# Giroud: stop confermato. Tomori e Maignan ok.



## admin (26 Novembre 2021)

Calciomercato.com conferma le news della mattinata. Giroud dovrà fermarsi per circa un mesetto a causa della lesione al bicipite femorale. Maignan e Tomori hanno lavorato in gruppo e saranno convocati.
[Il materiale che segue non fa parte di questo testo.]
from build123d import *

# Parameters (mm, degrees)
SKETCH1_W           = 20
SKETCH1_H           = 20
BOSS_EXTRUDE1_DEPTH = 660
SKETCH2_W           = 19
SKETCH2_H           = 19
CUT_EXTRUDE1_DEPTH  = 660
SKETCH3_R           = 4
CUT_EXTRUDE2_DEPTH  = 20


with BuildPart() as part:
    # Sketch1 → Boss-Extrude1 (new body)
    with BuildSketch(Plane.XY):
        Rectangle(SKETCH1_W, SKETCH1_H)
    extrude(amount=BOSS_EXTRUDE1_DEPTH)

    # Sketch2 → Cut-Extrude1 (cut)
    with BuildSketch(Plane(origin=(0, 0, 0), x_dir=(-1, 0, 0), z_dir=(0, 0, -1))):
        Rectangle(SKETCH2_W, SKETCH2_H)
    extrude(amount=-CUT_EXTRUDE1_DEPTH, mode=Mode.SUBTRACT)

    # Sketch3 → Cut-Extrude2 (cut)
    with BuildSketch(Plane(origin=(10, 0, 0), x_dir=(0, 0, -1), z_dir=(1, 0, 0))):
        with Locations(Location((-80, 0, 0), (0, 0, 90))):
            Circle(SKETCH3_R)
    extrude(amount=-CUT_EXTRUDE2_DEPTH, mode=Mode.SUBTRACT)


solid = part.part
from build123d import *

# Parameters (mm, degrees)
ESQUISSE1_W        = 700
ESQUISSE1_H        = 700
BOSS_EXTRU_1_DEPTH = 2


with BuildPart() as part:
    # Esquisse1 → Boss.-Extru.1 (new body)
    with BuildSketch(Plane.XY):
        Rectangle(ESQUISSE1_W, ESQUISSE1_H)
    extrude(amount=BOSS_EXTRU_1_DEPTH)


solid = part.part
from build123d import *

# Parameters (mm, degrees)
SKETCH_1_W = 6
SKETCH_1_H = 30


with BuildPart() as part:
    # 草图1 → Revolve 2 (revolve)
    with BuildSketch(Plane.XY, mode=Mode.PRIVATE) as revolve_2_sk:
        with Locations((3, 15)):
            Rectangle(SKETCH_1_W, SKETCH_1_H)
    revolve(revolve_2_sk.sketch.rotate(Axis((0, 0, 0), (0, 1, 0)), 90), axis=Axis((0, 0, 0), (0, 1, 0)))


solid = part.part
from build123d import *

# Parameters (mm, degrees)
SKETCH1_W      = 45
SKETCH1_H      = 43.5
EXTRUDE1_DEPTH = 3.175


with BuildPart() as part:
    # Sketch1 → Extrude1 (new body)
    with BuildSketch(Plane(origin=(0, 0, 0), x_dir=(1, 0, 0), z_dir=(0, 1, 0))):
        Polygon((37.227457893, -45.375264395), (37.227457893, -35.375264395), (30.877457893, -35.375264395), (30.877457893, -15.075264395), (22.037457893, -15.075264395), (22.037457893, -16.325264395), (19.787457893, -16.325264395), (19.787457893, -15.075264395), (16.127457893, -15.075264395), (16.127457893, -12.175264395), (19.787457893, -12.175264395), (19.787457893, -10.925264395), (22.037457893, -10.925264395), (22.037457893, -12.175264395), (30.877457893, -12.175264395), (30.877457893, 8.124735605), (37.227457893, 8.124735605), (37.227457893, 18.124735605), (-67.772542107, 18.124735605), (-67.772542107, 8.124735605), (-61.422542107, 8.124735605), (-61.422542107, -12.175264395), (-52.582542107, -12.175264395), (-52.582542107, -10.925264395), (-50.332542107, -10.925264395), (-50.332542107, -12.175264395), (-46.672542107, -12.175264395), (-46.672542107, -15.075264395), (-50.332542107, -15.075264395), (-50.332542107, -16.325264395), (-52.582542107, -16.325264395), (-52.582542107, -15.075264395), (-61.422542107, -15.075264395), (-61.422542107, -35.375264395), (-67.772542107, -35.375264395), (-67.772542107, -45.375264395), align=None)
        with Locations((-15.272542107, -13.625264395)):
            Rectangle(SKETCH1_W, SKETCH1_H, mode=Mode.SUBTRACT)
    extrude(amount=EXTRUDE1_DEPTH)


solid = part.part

Castillejo ancora a parte.


----------



## emamilan99 (26 Novembre 2021)

in pratica dovremo fare un mese e mezzo senza ricambi per ibra e leao.. ok pellegri qualche minutino lo farà, però dai cavolo non è possibile. castillejo ancora out è assurdo.. tra trquarti e punte siamo decimati


----------



## Super_Lollo (26 Novembre 2021)

emamilan99 ha scritto:


> in pratica dovremo fare un mese e mezzo senza ricambi per ibra e leao.. ok pellegri qualche minutino lo farà, però dai cavolo non è possibile. castillejo ancora out è assurdo.. tra trquarti e punte siamo decimati


che sfortuna..


----------



## Lineker10 (26 Novembre 2021)

admin ha scritto:


> Calciomercato.com conferma le news della mattinata. Giroud dovrà fermarsi per circa un mesetto a causa della lesione al bicipite femorale. Maignan e Tomori hanno lavorato in gruppo e saranno convocati. Castillejo ancora a parte.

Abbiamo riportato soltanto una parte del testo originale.